→ What is expected
In the entries below, find the line containing "#63=FACE_BOUND('',#62,.T.);" and the line containing "#69=DIRECTION('',(0.,0.,-1.));". Copy those two lines and everything between them exactly, and only that.
[[ The data, beginning ]]
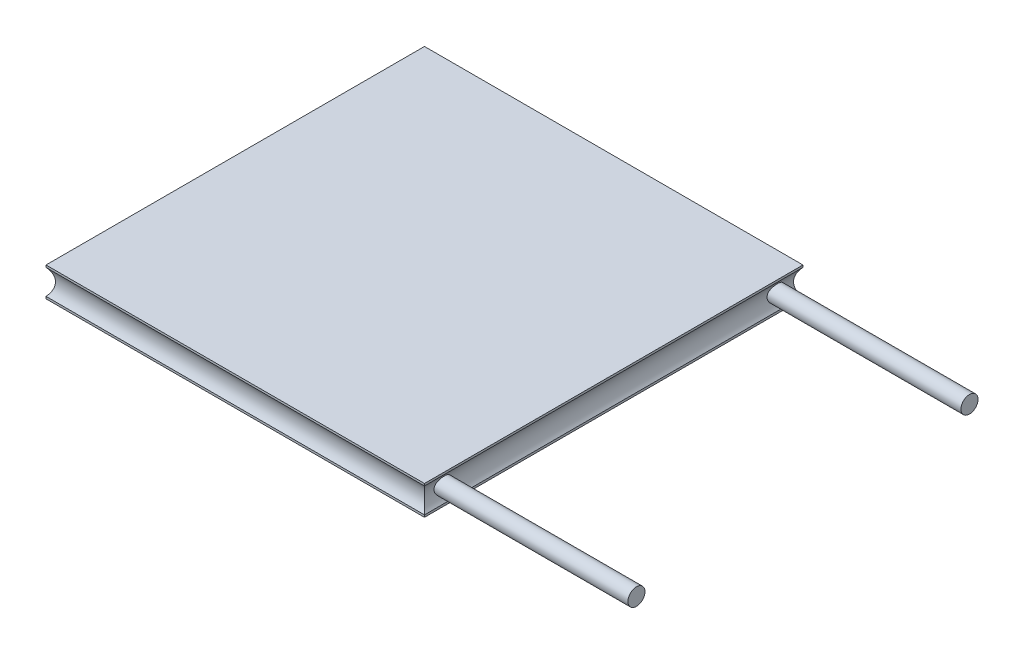
ISO-10303-21;
HEADER;
FILE_DESCRIPTION(('STEP AP214'),'2;1');
FILE_NAME('part.step','',(''),(''),'','','');
FILE_SCHEMA(('AUTOMOTIVE_DESIGN { 1 0 10303 214 1 1 1 1 }'));
ENDSEC;
DATA;
#1=APPLICATION_CONTEXT('core data for automotive mechanical design processes');
#2=APPLICATION_PROTOCOL_DEFINITION('international standard','automotive_design',2000,#1);
#3=PRODUCT_CONTEXT('',#1,'mechanical');
#4=PRODUCT('Part','Part','',(#3));
#5=PRODUCT_RELATED_PRODUCT_CATEGORY('part','',(#4));
#6=PRODUCT_DEFINITION_FORMATION('','',#4);
#7=PRODUCT_DEFINITION_CONTEXT('part definition',#1,'design');
#8=PRODUCT_DEFINITION('design','',#6,#7);
#9=PRODUCT_DEFINITION_SHAPE('','',#8);
#10=(LENGTH_UNIT() NAMED_UNIT(*) SI_UNIT(.MILLI.,.METRE.));
#11=(NAMED_UNIT(*) PLANE_ANGLE_UNIT() SI_UNIT($,.RADIAN.));
#12=(NAMED_UNIT(*) SI_UNIT($,.STERADIAN.) SOLID_ANGLE_UNIT());
#13=UNCERTAINTY_MEASURE_WITH_UNIT(LENGTH_MEASURE(1.E-05),#10,'distance_accuracy_value','');
#14=(GEOMETRIC_REPRESENTATION_CONTEXT(3) GLOBAL_UNCERTAINTY_ASSIGNED_CONTEXT((#13)) GLOBAL_UNIT_ASSIGNED_CONTEXT((#10,
#11,#12)) REPRESENTATION_CONTEXT('',''));
#15=CARTESIAN_POINT('',(0.,0.,0.));
#16=DIRECTION('',(0.,0.,1.));
#17=DIRECTION('',(1.,0.,0.));
#18=AXIS2_PLACEMENT_3D('',#15,#16,#17);
#19=CARTESIAN_POINT('',(40.,0.,17.6));
#20=DIRECTION('',(1.,0.,0.));
#21=DIRECTION('',(0.,0.,-1.));
#22=AXIS2_PLACEMENT_3D('',#19,#20,#21);
#23=PLANE('',#22);
#24=CARTESIAN_POINT('',(40.,0.,17.6));
#25=DIRECTION('',(-1.,0.,0.));
#26=DIRECTION('',(0.,0.,1.));
#27=AXIS2_PLACEMENT_3D('',#24,#25,#26);
#28=CIRCLE('',#27,0.900000000000001);
#29=CARTESIAN_POINT('',(40.,0.,18.5));
#30=VERTEX_POINT('',#29);
#31=EDGE_CURVE('P0_E21',#30,#30,#28,.T.);
#32=ORIENTED_EDGE('',*,*,#31,.F.);
#33=EDGE_LOOP('',(#32));
#34=FACE_BOUND('',#33,.T.);
#35=ADVANCED_FACE('P0_F14',(#34),#23,.T.);
#36=CARTESIAN_POINT('',(0.,0.,17.6));
#37=DIRECTION('',(1.,0.,0.));
#38=DIRECTION('',(0.,0.,-1.));
#39=AXIS2_PLACEMENT_3D('',#36,#37,#38);
#40=PLANE('',#39);
#41=CARTESIAN_POINT('',(0.,0.,17.6));
#42=DIRECTION('',(-1.,0.,0.));
#43=DIRECTION('',(0.,0.,1.));
#44=AXIS2_PLACEMENT_3D('',#41,#42,#43);
#45=CIRCLE('',#44,0.900000000000001);
#46=CARTESIAN_POINT('',(0.,0.,18.5));
#47=VERTEX_POINT('',#46);
#48=EDGE_CURVE('P0_E10',#47,#47,#45,.F.);
#49=ORIENTED_EDGE('',*,*,#48,.F.);
#50=EDGE_LOOP('',(#49));
#51=FACE_BOUND('',#50,.T.);
#52=ADVANCED_FACE('P0_F33',(#51),#40,.F.);
#53=CARTESIAN_POINT('',(40.,0.,17.6));
#54=DIRECTION('',(-1.,0.,0.));
#55=DIRECTION('',(0.,0.,1.));
#56=AXIS2_PLACEMENT_3D('',#53,#54,#55);
#57=CYLINDRICAL_SURFACE('',#56,0.900000000000001);
#58=ORIENTED_EDGE('',*,*,#48,.T.);
#59=EDGE_LOOP('',(#58));
#60=FACE_BOUND('',#59,.T.);
#61=ORIENTED_EDGE('',*,*,#31,.T.);
#62=EDGE_LOOP('',(#61));
#63=FACE_BOUND('',#62,.T.);
#64=ADVANCED_FACE('P0_F30',(#60,#63),#57,.T.);
#65=CLOSED_SHELL('',(#35,#52,#64));
#66=MANIFOLD_SOLID_BREP('P0_B1',#65);
#67=CARTESIAN_POINT('',(0.,-1.55,0.));
#68=DIRECTION('',(0.,-1.,0.));
#69=DIRECTION('',(0.,0.,-1.));
#70=AXIS2_PLACEMENT_3D('',#67,#68,#69);
#71=PLANE('',#70);
#72=DIRECTION('',(0.,0.,-1.));
#73=VECTOR('',#72,1.);
#74=CARTESIAN_POINT('',(-20.,-1.55,20.));
#75=LINE('',#74,#73);
#76=CARTESIAN_POINT('',(-20.,-1.55,20.));
#77=VERTEX_POINT('',#76);
#78=CARTESIAN_POINT('',(-20.,-1.55,-20.));
#79=VERTEX_POINT('',#78);
#80=EDGE_CURVE('P1_E147',#77,#79,#75,.T.);
#81=ORIENTED_EDGE('',*,*,#80,.T.);
#82=DIRECTION('',(1.,0.,0.));
#83=VECTOR('',#82,1.);
#84=CARTESIAN_POINT('',(-20.,-1.55,-20.));
#85=LINE('',#84,#83);
#86=CARTESIAN_POINT('',(20.,-1.55,-20.));
#87=VERTEX_POINT('',#86);
#88=EDGE_CURVE('P1_E141',#79,#87,#85,.T.);
#89=ORIENTED_EDGE('',*,*,#88,.T.);
#90=DIRECTION('',(0.,0.,1.));
#91=VECTOR('',#90,1.);
#92=CARTESIAN_POINT('',(20.,-1.55,20.));
#93=LINE('',#92,#91);
#94=CARTESIAN_POINT('',(20.,-1.55,20.));
#95=VERTEX_POINT('',#94);
#96=EDGE_CURVE('P1_E135',#87,#95,#93,.T.);
#97=ORIENTED_EDGE('',*,*,#96,.T.);
#98=DIRECTION('',(-1.,0.,0.));
#99=VECTOR('',#98,1.);
#100=CARTESIAN_POINT('',(-20.,-1.55,20.));
#101=LINE('',#100,#99);
#102=EDGE_CURVE('P1_E158',#95,#77,#101,.T.);
#103=ORIENTED_EDGE('',*,*,#102,.T.);
#104=EDGE_LOOP('',(#81,#89,#97,#103));
#105=FACE_BOUND('',#104,.T.);
#106=ADVANCED_FACE('P1_F16',(#105),#71,.T.);
#107=CARTESIAN_POINT('',(-20.,1.55,20.));
#108=DIRECTION('',(0.,0.,-1.));
#109=DIRECTION('',(-1.,0.,0.));
#110=AXIS2_PLACEMENT_3D('',#107,#108,#109);
#111=PLANE('',#110);
#112=DIRECTION('',(1.,0.,0.));
#113=VECTOR('',#112,1.);
#114=CARTESIAN_POINT('',(-23.95,-1.3228756555323,20.));
#115=LINE('',#114,#113);
#116=CARTESIAN_POINT('',(20.,-1.32287565553231,20.));
#117=VERTEX_POINT('',#116);
#118=CARTESIAN_POINT('',(-20.,-1.3228756555323,20.));
#119=VERTEX_POINT('',#118);
#120=EDGE_CURVE('P1_E87',#117,#119,#115,.F.);
#121=ORIENTED_EDGE('',*,*,#120,.T.);
#122=DIRECTION('',(0.,1.,0.));
#123=VECTOR('',#122,1.);
#124=CARTESIAN_POINT('',(-20.,1.55,20.));
#125=LINE('',#124,#123);
#126=EDGE_CURVE('P1_E144',#119,#77,#125,.F.);
#127=ORIENTED_EDGE('',*,*,#126,.T.);
#128=ORIENTED_EDGE('',*,*,#102,.F.);
#129=DIRECTION('',(0.,1.,0.));
#130=VECTOR('',#129,1.);
#131=CARTESIAN_POINT('',(20.,1.55,20.));
#132=LINE('',#131,#130);
#133=EDGE_CURVE('P1_E130',#95,#117,#132,.T.);
#134=ORIENTED_EDGE('',*,*,#133,.T.);
#135=EDGE_LOOP('',(#121,#127,#128,#134));
#136=FACE_BOUND('',#135,.T.);
#137=ADVANCED_FACE('P1_F245',(#136),#111,.F.);
#138=CARTESIAN_POINT('',(-20.,1.55,20.));
#139=DIRECTION('',(1.,0.,0.));
#140=DIRECTION('',(0.,0.,-1.));
#141=AXIS2_PLACEMENT_3D('',#138,#139,#140);
#142=PLANE('',#141);
#143=DIRECTION('',(0.,0.,1.));
#144=VECTOR('',#143,1.);
#145=CARTESIAN_POINT('',(-20.,-1.3228756555323,-23.95));
#146=LINE('',#145,#144);
#147=CARTESIAN_POINT('',(-20.,-1.32287565553231,-20.));
#148=VERTEX_POINT('',#147);
#149=EDGE_CURVE('P1_E85',#119,#148,#146,.F.);
#150=ORIENTED_EDGE('',*,*,#149,.T.);
#151=DIRECTION('',(0.,1.,0.));
#152=VECTOR('',#151,1.);
#153=CARTESIAN_POINT('',(-20.,1.55,-20.));
#154=LINE('',#153,#152);
#155=EDGE_CURVE('P1_E138',#148,#79,#154,.F.);
#156=ORIENTED_EDGE('',*,*,#155,.T.);
#157=ORIENTED_EDGE('',*,*,#80,.F.);
#158=ORIENTED_EDGE('',*,*,#126,.F.);
#159=EDGE_LOOP('',(#150,#156,#157,#158));
#160=FACE_BOUND('',#159,.T.);
#161=ADVANCED_FACE('P1_F178',(#160),#142,.F.);
#162=CARTESIAN_POINT('',(-20.,1.55,-20.));
#163=DIRECTION('',(0.,0.,1.));
#164=DIRECTION('',(1.,0.,0.));
#165=AXIS2_PLACEMENT_3D('',#162,#163,#164);
#166=PLANE('',#165);
#167=DIRECTION('',(-1.,0.,0.));
#168=VECTOR('',#167,1.);
#169=CARTESIAN_POINT('',(23.95,-1.32287565553231,-20.));
#170=LINE('',#169,#168);
#171=CARTESIAN_POINT('',(20.,-1.32287565553231,-20.));
#172=VERTEX_POINT('',#171);
#173=EDGE_CURVE('P1_E171',#148,#172,#170,.F.);
#174=ORIENTED_EDGE('',*,*,#173,.T.);
#175=DIRECTION('',(0.,1.,0.));
#176=VECTOR('',#175,1.);
#177=CARTESIAN_POINT('',(20.,1.55,-20.));
#178=LINE('',#177,#176);
#179=EDGE_CURVE('P1_E125',#172,#87,#178,.F.);
#180=ORIENTED_EDGE('',*,*,#179,.T.);
#181=ORIENTED_EDGE('',*,*,#88,.F.);
#182=ORIENTED_EDGE('',*,*,#155,.F.);
#183=EDGE_LOOP('',(#174,#180,#181,#182));
#184=FACE_BOUND('',#183,.T.);
#185=ADVANCED_FACE('P1_F184',(#184),#166,.F.);
#186=CARTESIAN_POINT('',(20.,1.55,20.));
#187=DIRECTION('',(-1.,0.,0.));
#188=DIRECTION('',(0.,0.,1.));
#189=AXIS2_PLACEMENT_3D('',#186,#187,#188);
#190=PLANE('',#189);
#191=DIRECTION('',(0.,0.,-1.));
#192=VECTOR('',#191,1.);
#193=CARTESIAN_POINT('',(20.,-1.32287565553232,23.95));
#194=LINE('',#193,#192);
#195=EDGE_CURVE('P1_E168',#172,#117,#194,.F.);
#196=ORIENTED_EDGE('',*,*,#195,.T.);
#197=ORIENTED_EDGE('',*,*,#133,.F.);
#198=ORIENTED_EDGE('',*,*,#96,.F.);
#199=ORIENTED_EDGE('',*,*,#179,.F.);
#200=EDGE_LOOP('',(#196,#197,#198,#199));
#201=FACE_BOUND('',#200,.T.);
#202=ADVANCED_FACE('P1_F239',(#201),#190,.F.);
#203=CARTESIAN_POINT('',(-23.95,0.,21.5));
#204=DIRECTION('',(1.,0.,0.));
#205=DIRECTION('',(0.,0.,-1.));
#206=AXIS2_PLACEMENT_3D('',#203,#204,#205);
#207=CYLINDRICAL_SURFACE('',#206,2.);
#208=ORIENTED_EDGE('',*,*,#120,.F.);
#209=CARTESIAN_POINT('',(21.5,0.,21.5));
#210=DIRECTION('',(0.707106781186548,0.,-0.707106781186547));
#211=DIRECTION('',(0.707106781186547,0.,0.707106781186548));
#212=AXIS2_PLACEMENT_3D('',#209,#210,#211);
#213=ELLIPSE('',#212,2.82842712474619,2.);
#214=CARTESIAN_POINT('',(20.,1.32287565553231,20.));
#215=VERTEX_POINT('',#214);
#216=EDGE_CURVE('P1_E92',#117,#215,#213,.T.);
#217=ORIENTED_EDGE('',*,*,#216,.T.);
#218=DIRECTION('',(-1.,0.,0.));
#219=VECTOR('',#218,1.);
#220=CARTESIAN_POINT('',(-20.,1.32287565553231,20.));
#221=LINE('',#220,#219);
#222=CARTESIAN_POINT('',(-20.,1.3228756555323,20.));
#223=VERTEX_POINT('',#222);
#224=EDGE_CURVE('P1_E89',#215,#223,#221,.T.);
#225=ORIENTED_EDGE('',*,*,#224,.T.);
#226=CARTESIAN_POINT('',(-21.5,0.,21.5));
#227=DIRECTION('',(0.707106781186547,0.,0.707106781186548));
#228=DIRECTION('',(0.707106781186548,0.,-0.707106781186547));
#229=AXIS2_PLACEMENT_3D('',#226,#227,#228);
#230=ELLIPSE('',#229,2.82842712474619,2.);
#231=EDGE_CURVE('P1_E19',#223,#119,#230,.F.);
#232=ORIENTED_EDGE('',*,*,#231,.T.);
#233=EDGE_LOOP('',(#208,#217,#225,#232));
#234=FACE_BOUND('',#233,.T.);
#235=ADVANCED_FACE('P1_F90',(#234),#207,.F.);
#236=CARTESIAN_POINT('',(-21.5,0.,-23.95));
#237=DIRECTION('',(0.,0.,1.));
#238=DIRECTION('',(1.,0.,0.));
#239=AXIS2_PLACEMENT_3D('',#236,#237,#238);
#240=CYLINDRICAL_SURFACE('',#239,2.);
#241=ORIENTED_EDGE('',*,*,#149,.F.);
#242=ORIENTED_EDGE('',*,*,#231,.F.);
#243=DIRECTION('',(0.,0.,-1.));
#244=VECTOR('',#243,1.);
#245=CARTESIAN_POINT('',(-20.,1.32287565553231,20.));
#246=LINE('',#245,#244);
#247=CARTESIAN_POINT('',(-20.,1.32287565553231,-20.));
#248=VERTEX_POINT('',#247);
#249=EDGE_CURVE('P1_E82',#223,#248,#246,.T.);
#250=ORIENTED_EDGE('',*,*,#249,.T.);
#251=CARTESIAN_POINT('',(-21.5,0.,-21.5));
#252=DIRECTION('',(-0.707106781186547,0.,0.707106781186547));
#253=DIRECTION('',(0.707106781186547,0.,0.707106781186547));
#254=AXIS2_PLACEMENT_3D('',#251,#252,#253);
#255=ELLIPSE('',#254,2.82842712474619,2.);
#256=EDGE_CURVE('P1_E172',#248,#148,#255,.F.);
#257=ORIENTED_EDGE('',*,*,#256,.T.);
#258=EDGE_LOOP('',(#241,#242,#250,#257));
#259=FACE_BOUND('',#258,.T.);
#260=ADVANCED_FACE('P1_F79',(#259),#240,.F.);
#261=CARTESIAN_POINT('',(23.95,0.,-21.5));
#262=DIRECTION('',(-1.,0.,0.));
#263=DIRECTION('',(0.,0.,1.));
#264=AXIS2_PLACEMENT_3D('',#261,#262,#263);
#265=CYLINDRICAL_SURFACE('',#264,2.);
#266=ORIENTED_EDGE('',*,*,#173,.F.);
#267=ORIENTED_EDGE('',*,*,#256,.F.);
#268=DIRECTION('',(1.,0.,0.));
#269=VECTOR('',#268,1.);
#270=CARTESIAN_POINT('',(-20.,1.32287565553231,-20.));
#271=LINE('',#270,#269);
#272=CARTESIAN_POINT('',(20.,1.32287565553231,-20.));
#273=VERTEX_POINT('',#272);
#274=EDGE_CURVE('P1_E195',#248,#273,#271,.T.);
#275=ORIENTED_EDGE('',*,*,#274,.T.);
#276=CARTESIAN_POINT('',(21.5,0.,-21.5));
#277=DIRECTION('',(-0.707106781186547,0.,-0.707106781186547));
#278=DIRECTION('',(-0.707106781186547,0.,0.707106781186547));
#279=AXIS2_PLACEMENT_3D('',#276,#277,#278);
#280=ELLIPSE('',#279,2.82842712474619,2.);
#281=EDGE_CURVE('P1_E169',#273,#172,#280,.F.);
#282=ORIENTED_EDGE('',*,*,#281,.T.);
#283=EDGE_LOOP('',(#266,#267,#275,#282));
#284=FACE_BOUND('',#283,.T.);
#285=ADVANCED_FACE('P1_F180',(#284),#265,.F.);
#286=CARTESIAN_POINT('',(21.5,0.,23.95));
#287=DIRECTION('',(0.,0.,-1.));
#288=DIRECTION('',(-1.,0.,0.));
#289=AXIS2_PLACEMENT_3D('',#286,#287,#288);
#290=CYLINDRICAL_SURFACE('',#289,2.);
#291=ORIENTED_EDGE('',*,*,#195,.F.);
#292=ORIENTED_EDGE('',*,*,#281,.F.);
#293=DIRECTION('',(0.,0.,1.));
#294=VECTOR('',#293,1.);
#295=CARTESIAN_POINT('',(20.,1.32287565553232,20.));
#296=LINE('',#295,#294);
#297=EDGE_CURVE('P1_E194',#273,#215,#296,.T.);
#298=ORIENTED_EDGE('',*,*,#297,.T.);
#299=ORIENTED_EDGE('',*,*,#216,.F.);
#300=EDGE_LOOP('',(#291,#292,#298,#299));
#301=FACE_BOUND('',#300,.T.);
#302=ADVANCED_FACE('P1_F187',(#301),#290,.F.);
#303=CARTESIAN_POINT('',(-20.,1.55,20.));
#304=DIRECTION('',(0.,0.,-1.));
#305=DIRECTION('',(-1.,0.,0.));
#306=AXIS2_PLACEMENT_3D('',#303,#304,#305);
#307=PLANE('',#306);
#308=ORIENTED_EDGE('',*,*,#224,.F.);
#309=DIRECTION('',(0.,1.,0.));
#310=VECTOR('',#309,1.);
#311=CARTESIAN_POINT('',(20.,1.55,20.));
#312=LINE('',#311,#310);
#313=CARTESIAN_POINT('',(20.,1.55,20.));
#314=VERTEX_POINT('',#313);
#315=EDGE_CURVE('P1_E120',#215,#314,#312,.T.);
#316=ORIENTED_EDGE('',*,*,#315,.T.);
#317=DIRECTION('',(1.,0.,0.));
#318=VECTOR('',#317,1.);
#319=CARTESIAN_POINT('',(0.,1.55,20.));
#320=LINE('',#319,#318);
#321=CARTESIAN_POINT('',(-20.,1.55,20.));
#322=VERTEX_POINT('',#321);
#323=EDGE_CURVE('P1_E109',#314,#322,#320,.F.);
#324=ORIENTED_EDGE('',*,*,#323,.T.);
#325=DIRECTION('',(0.,1.,0.));
#326=VECTOR('',#325,1.);
#327=CARTESIAN_POINT('',(-20.,1.55,20.));
#328=LINE('',#327,#326);
#329=EDGE_CURVE('P1_E97',#322,#223,#328,.F.);
#330=ORIENTED_EDGE('',*,*,#329,.T.);
#331=EDGE_LOOP('',(#308,#316,#324,#330));
#332=FACE_BOUND('',#331,.T.);
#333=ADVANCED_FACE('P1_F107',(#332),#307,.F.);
[[ The data, end ]]
→ Your solution
#63=FACE_BOUND('',#62,.T.);
#64=ADVANCED_FACE('P0_F30',(#60,#63),#57,.T.);
#65=CLOSED_SHELL('',(#35,#52,#64));
#66=MANIFOLD_SOLID_BREP('P0_B1',#65);
#67=CARTESIAN_POINT('',(0.,-1.55,0.));
#68=DIRECTION('',(0.,-1.,0.));
#69=DIRECTION('',(0.,0.,-1.));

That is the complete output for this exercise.